• ENTRIES PROVIDED:
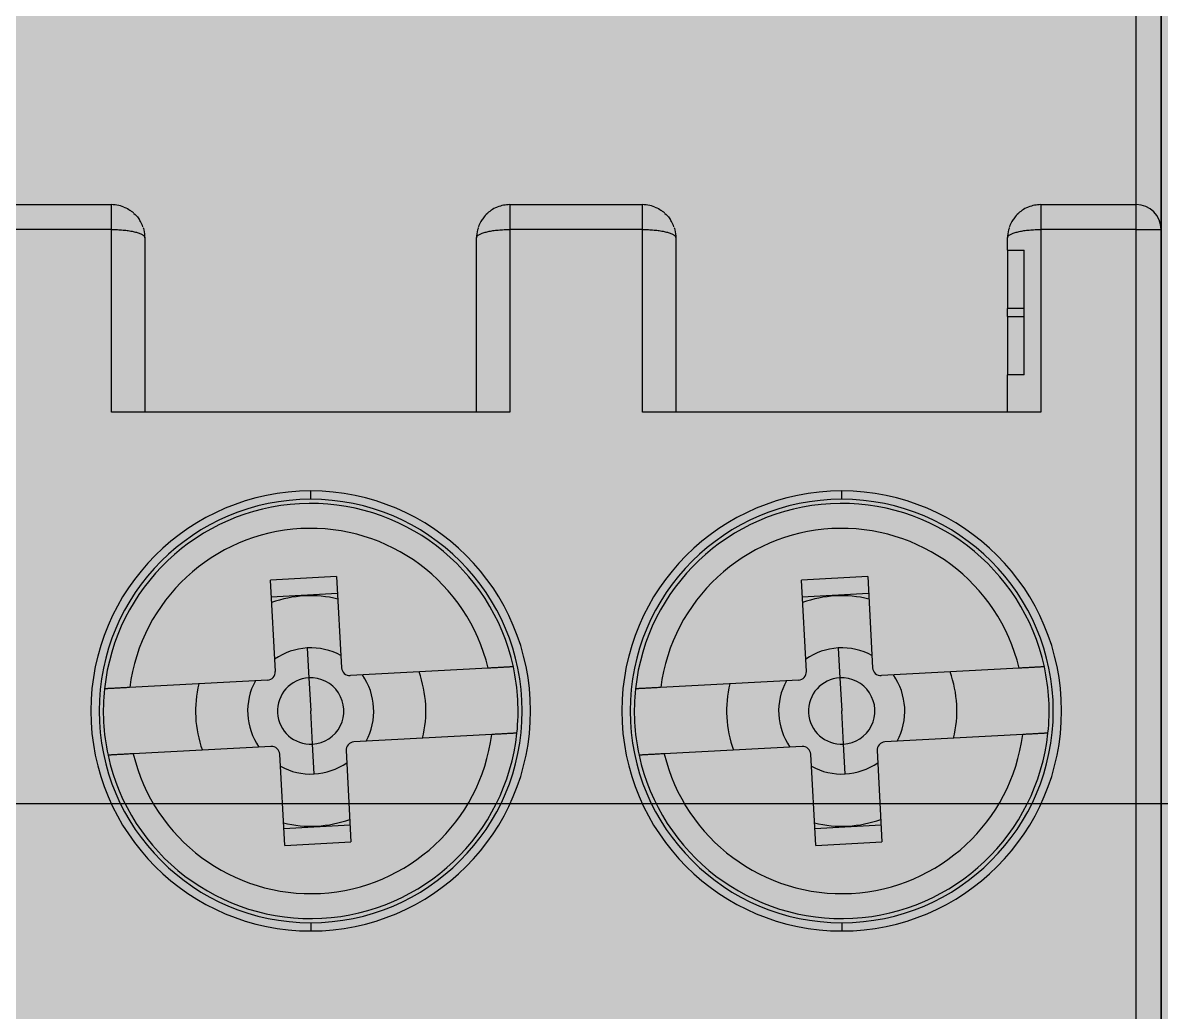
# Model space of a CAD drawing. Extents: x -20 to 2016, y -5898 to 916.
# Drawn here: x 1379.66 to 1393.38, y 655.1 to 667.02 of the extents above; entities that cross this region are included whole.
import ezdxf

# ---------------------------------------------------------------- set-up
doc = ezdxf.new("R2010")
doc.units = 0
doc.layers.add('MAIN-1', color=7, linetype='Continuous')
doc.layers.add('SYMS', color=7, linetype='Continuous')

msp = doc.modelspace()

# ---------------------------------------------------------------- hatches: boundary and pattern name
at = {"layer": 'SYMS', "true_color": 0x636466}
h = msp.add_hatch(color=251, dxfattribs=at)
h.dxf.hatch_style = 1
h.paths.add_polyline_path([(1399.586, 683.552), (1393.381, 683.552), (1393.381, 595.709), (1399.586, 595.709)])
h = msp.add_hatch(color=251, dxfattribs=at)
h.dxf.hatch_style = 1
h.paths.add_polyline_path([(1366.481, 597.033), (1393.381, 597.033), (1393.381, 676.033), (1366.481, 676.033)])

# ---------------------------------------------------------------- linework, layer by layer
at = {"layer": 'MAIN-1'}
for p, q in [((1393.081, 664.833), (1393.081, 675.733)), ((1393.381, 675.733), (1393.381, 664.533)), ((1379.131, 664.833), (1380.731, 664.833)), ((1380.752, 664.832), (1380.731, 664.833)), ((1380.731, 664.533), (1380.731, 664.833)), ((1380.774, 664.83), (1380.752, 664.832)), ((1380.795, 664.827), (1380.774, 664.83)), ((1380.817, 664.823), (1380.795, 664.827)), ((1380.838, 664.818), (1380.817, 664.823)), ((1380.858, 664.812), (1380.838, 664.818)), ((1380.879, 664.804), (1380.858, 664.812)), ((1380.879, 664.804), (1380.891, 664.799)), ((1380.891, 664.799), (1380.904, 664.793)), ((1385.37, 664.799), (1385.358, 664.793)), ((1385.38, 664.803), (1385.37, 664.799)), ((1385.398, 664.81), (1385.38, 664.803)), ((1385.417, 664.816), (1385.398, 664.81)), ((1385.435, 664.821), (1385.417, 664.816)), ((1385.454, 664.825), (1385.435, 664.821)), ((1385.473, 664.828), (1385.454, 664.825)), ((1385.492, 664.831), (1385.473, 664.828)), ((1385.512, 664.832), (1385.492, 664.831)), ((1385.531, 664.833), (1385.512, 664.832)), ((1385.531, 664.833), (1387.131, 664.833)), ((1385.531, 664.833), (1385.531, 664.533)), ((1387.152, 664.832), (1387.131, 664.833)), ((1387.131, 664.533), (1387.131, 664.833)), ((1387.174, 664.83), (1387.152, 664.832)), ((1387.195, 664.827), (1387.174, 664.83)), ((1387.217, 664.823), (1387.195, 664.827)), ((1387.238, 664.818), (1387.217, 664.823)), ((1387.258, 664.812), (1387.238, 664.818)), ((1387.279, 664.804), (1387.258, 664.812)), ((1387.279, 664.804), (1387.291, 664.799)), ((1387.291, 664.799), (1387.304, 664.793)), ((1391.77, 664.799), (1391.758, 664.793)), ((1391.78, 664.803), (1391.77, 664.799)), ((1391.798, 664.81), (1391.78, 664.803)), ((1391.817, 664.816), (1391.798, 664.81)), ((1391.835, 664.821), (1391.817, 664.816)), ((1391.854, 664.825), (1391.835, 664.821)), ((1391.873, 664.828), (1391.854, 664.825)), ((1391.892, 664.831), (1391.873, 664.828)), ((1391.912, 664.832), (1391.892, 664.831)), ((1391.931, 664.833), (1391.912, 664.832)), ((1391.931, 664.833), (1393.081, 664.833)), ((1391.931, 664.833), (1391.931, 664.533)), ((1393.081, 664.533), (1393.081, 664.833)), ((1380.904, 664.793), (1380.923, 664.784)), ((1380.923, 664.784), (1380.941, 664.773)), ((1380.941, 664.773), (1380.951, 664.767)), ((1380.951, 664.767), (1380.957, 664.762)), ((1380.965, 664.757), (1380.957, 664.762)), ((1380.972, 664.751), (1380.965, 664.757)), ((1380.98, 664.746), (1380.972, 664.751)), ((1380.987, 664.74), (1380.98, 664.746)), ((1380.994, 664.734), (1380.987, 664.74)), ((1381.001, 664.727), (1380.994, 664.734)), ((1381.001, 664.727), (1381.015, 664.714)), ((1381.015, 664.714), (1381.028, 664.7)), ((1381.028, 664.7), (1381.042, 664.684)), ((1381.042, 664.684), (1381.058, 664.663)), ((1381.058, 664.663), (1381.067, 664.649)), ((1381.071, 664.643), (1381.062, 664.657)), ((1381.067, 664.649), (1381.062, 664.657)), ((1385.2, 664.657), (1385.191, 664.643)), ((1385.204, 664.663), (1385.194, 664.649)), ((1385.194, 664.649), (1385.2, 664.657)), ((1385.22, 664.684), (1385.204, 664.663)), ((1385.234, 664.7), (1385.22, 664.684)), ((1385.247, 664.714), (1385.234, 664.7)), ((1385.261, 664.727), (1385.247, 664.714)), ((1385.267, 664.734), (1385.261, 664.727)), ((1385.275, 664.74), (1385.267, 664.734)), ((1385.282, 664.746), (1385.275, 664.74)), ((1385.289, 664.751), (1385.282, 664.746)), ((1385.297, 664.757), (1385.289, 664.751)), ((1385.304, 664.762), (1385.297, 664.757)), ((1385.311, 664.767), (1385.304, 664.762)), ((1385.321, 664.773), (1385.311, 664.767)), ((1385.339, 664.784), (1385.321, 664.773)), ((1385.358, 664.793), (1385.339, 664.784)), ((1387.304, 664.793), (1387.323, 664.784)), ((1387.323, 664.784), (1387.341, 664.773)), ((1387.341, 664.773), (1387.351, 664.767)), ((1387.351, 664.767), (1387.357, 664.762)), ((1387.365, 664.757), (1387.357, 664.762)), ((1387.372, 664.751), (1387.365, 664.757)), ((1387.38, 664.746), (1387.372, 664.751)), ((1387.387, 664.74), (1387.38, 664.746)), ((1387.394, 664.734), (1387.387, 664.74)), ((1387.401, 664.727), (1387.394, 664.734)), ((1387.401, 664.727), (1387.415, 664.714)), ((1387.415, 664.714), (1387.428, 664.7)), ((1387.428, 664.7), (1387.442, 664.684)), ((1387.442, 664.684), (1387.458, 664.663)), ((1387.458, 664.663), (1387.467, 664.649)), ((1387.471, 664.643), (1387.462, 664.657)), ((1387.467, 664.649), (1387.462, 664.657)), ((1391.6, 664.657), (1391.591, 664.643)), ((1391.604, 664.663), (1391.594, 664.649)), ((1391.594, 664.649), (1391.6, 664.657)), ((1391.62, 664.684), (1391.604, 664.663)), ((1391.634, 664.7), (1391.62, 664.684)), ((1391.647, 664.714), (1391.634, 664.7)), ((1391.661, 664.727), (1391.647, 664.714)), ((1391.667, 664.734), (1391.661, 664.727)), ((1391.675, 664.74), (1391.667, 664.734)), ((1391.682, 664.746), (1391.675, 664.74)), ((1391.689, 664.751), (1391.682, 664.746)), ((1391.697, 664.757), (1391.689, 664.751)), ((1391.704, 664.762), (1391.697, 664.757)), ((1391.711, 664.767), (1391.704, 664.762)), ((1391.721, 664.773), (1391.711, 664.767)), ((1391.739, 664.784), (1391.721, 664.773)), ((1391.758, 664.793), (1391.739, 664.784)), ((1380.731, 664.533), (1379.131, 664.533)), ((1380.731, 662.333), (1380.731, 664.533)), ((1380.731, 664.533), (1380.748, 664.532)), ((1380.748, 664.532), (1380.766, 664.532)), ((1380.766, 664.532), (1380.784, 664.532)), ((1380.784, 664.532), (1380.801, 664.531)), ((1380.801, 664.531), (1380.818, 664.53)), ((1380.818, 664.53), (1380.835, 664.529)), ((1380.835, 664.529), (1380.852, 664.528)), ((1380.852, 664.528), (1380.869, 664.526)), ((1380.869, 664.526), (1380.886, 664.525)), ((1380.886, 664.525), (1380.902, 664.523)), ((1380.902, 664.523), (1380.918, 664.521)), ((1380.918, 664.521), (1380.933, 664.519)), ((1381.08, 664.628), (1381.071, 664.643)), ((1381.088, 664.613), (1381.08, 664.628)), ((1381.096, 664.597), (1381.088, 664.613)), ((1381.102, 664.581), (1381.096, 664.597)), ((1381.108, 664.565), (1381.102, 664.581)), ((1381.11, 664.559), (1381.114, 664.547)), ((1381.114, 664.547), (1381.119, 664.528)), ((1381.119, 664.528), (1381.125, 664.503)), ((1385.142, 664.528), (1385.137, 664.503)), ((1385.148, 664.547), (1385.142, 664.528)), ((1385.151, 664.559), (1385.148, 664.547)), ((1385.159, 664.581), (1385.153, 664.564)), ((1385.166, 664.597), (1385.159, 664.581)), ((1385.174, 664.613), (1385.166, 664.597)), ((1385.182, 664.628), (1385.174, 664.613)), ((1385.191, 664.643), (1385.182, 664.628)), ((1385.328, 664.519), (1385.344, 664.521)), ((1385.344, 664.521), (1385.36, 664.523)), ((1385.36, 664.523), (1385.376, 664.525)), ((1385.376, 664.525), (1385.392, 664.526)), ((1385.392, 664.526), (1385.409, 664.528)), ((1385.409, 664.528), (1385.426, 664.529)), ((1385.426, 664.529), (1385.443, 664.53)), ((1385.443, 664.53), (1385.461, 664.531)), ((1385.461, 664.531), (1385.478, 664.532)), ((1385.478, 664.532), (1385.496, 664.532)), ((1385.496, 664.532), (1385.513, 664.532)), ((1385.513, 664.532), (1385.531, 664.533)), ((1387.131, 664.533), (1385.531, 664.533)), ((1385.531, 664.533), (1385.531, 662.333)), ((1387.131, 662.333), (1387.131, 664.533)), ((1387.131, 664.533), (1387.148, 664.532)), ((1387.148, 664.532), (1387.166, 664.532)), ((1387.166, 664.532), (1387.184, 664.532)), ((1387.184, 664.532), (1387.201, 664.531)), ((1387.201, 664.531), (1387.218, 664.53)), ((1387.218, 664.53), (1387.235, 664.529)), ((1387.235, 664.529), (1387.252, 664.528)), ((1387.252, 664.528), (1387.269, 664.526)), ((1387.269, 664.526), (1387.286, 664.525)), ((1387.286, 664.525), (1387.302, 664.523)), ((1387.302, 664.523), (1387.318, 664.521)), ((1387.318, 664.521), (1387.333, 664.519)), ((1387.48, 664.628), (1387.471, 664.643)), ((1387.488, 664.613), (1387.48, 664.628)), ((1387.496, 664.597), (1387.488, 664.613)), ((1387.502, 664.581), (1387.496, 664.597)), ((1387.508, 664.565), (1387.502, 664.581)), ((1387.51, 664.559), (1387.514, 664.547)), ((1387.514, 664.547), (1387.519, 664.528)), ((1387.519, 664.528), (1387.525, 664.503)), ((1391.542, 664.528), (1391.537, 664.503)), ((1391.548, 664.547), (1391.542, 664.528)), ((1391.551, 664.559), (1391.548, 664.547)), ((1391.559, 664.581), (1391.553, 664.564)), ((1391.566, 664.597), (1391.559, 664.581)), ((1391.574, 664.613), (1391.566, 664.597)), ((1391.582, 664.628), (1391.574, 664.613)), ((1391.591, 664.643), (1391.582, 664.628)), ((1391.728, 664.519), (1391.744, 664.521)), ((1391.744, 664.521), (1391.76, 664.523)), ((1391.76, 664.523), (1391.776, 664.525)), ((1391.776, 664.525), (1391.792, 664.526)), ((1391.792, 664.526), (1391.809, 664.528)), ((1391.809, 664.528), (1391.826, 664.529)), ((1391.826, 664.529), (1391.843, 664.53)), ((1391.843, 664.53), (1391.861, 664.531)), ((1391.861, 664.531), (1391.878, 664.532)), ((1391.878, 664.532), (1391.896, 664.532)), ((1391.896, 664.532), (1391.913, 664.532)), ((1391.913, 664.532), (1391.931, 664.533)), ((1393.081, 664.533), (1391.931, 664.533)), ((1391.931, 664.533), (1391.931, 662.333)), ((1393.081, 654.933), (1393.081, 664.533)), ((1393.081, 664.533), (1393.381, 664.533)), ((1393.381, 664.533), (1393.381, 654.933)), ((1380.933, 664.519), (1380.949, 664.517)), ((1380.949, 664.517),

• PROBLEM DESCRIPTION:
Pull every line holding "layers" out of the records.

• SOLUTION FOR THIS EXERCISE:
doc.layers.add('MAIN-1', color=7, linetype='Continuous')
doc.layers.add('SYMS', color=7, linetype='Continuous')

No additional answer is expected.